By Joss Whedon & John Cassaday

Marvel

So after rating the first volume of this series well recently, let's skip the next collection and see how the series was progressing with the regular series and its characters now established in the eyes of its monthly purchasing public.

Well, Marvel chose to put a page recapping past events to bring the book buying public up to steam so that's an unexpected editorial brownie point. As to the tale?

Well, there's a new Hellfire Club in town, or rather Xavier Mansion. Only not everyone can see them. Not all the time anyway. And the outcome of that is mainly what this whole collection's about without giving away the ending.

Whedon has fun playing through Chris Claremont's (the man who mainly made Marvel's X-Men the franchise it is today) back catalogue and subverting themes and characters, but respectively even while maintaining his own narrative voice and Cassady gives us more full figure views instead of a preponderance of well crafted head shots.

Wolverine and the Beast get their comedy one-liner comparisons to each other early on in the book and raise a smile, and the whole book has story momentum and is pleasing on the eye.

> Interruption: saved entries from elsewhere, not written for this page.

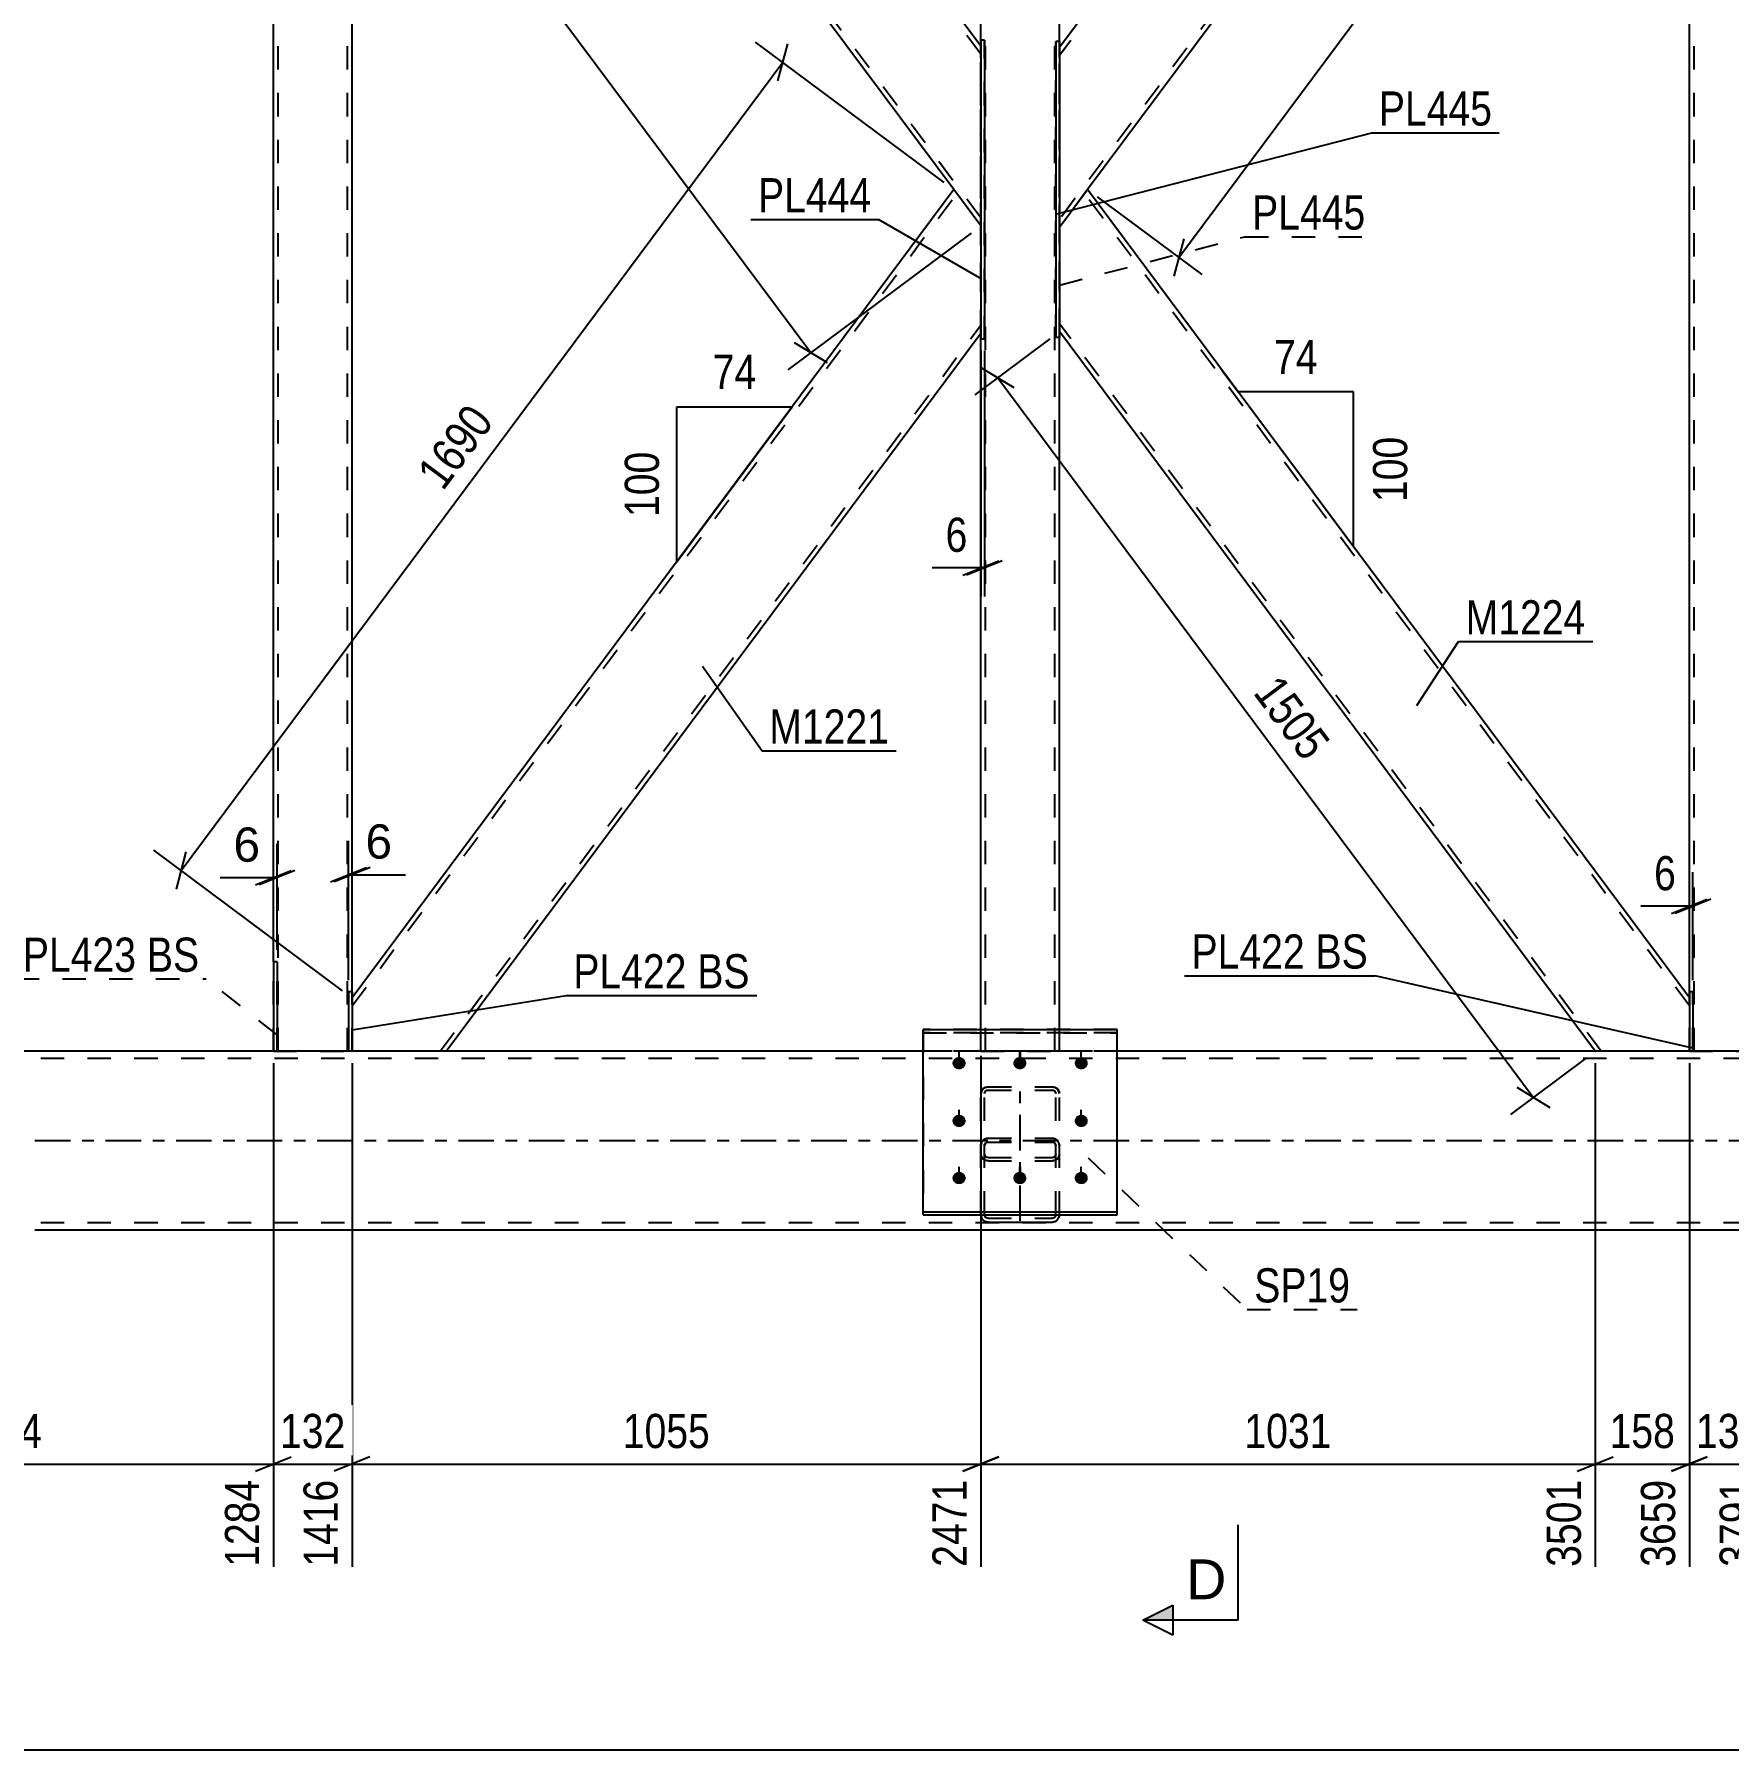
# Model space of a CAD drawing. Header units: millimetres. Extents: x 0 to 1189, y 0 to 841.
# Drawn here: x 99.7 to 241.8, y 419.2 to 563 of the extents above; entities that cross this region are included whole.
import ezdxf

# ---------------------------------------------------------------- set-up
doc = ezdxf.new("R2010")
doc.units = ezdxf.units.MM
doc.linetypes.add('DXK_LINE_DOT2', pattern=[3.9198, 1.9599, -1.9599])
doc.linetypes.add('DXK_LINE_DOT3', pattern=[5.9187, 2.979, -0.9799, 0.9799, -0.9799])
doc.styles.add('Arial', font='arial.ttf', dxfattribs={"height": 0.2})
doc.styles.add('Arial Narrow', font='ARIALN.TTF', dxfattribs={"height": 0.2})

# ---------------------------------------------------------------- blocks, each defined once
blk = doc.blocks.new('Part-814738513-4115 - 4109')
at = {"color": 7, "linetype": 'DXK_LINE_DOT2'}
for p, q in [((185.36, 537.57), (185.36, 562.39)), ((185.66, 562.39), (185.36, 562.39)), ((185.66, 537.57), (185.66, 562.39)), ((185.66, 537.57), (185.36, 537.57))]:
    blk.add_line(p, q, dxfattribs=at)
blk = doc.blocks.new('Part-814738513-4180 - 4109')
at = {"color": 7, "linetype": 'DXK_LINE_DOT2'}
for p, q in [((190.48, 479.54), (174.23, 479.54)), ((174.23, 479.54), (174.23, 464)), ((190.48, 479.27), (174.23, 479.27)), ((190.48, 464), (190.48, 479.54)), ((174.23, 464.27), (190.48, 464.27)), ((174.23, 464), (190.48, 464))]:
    blk.add_line(p, q, dxfattribs=at)
blk = doc.blocks.new('Part-814738513-4200 - 4109')
at = {"color": 7, "linetype": 'DXK_LINE_DOT2'}
for p, q in [((126.33, 622.23), (119.73, 622.23)), ((119.73, 614.73), (119.73, 622.23)), ((120.13, 477.73), (120.13, 622.23)), ((125.93, 477.73), (125.93, 622.23)), ((126.33, 617.26), (126.33, 622.23)), ((119.73, 477.73), (119.73, 485.22)), ((126.33, 477.73), (126.33, 482.7)), ((119.73, 477.73), (126.33, 477.73))]:
    blk.add_line(p, q, dxfattribs=at)
at = {"color": 2, "linetype": 'Continuous'}
for p, q in [((126.33, 482.7), (126.33, 617.26)), ((119.73, 485.22), (119.73, 614.73))]:
    blk.add_line(p, q, dxfattribs=at)
blk = doc.blocks.new('Part-814738513-4136 - 4109')
at = {"color": 2, "linetype": 'Continuous'}
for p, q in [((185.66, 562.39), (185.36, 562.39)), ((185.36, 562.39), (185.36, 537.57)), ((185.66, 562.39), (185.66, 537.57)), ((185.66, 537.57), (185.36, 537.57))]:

The only fault, for me, is the time-worn cliché of the denouement for the reason for the Hellfire Club's presence. Maybe this wouldn't be so telling read in monthly instalments, but it lets it down a bit for me. That stated, the creative team don't let the book end there and within the last few pages send those Astonishing X-Men flying out into space and danger with the threat that at least one of them might not return.

On the whole: superior, solid stuff.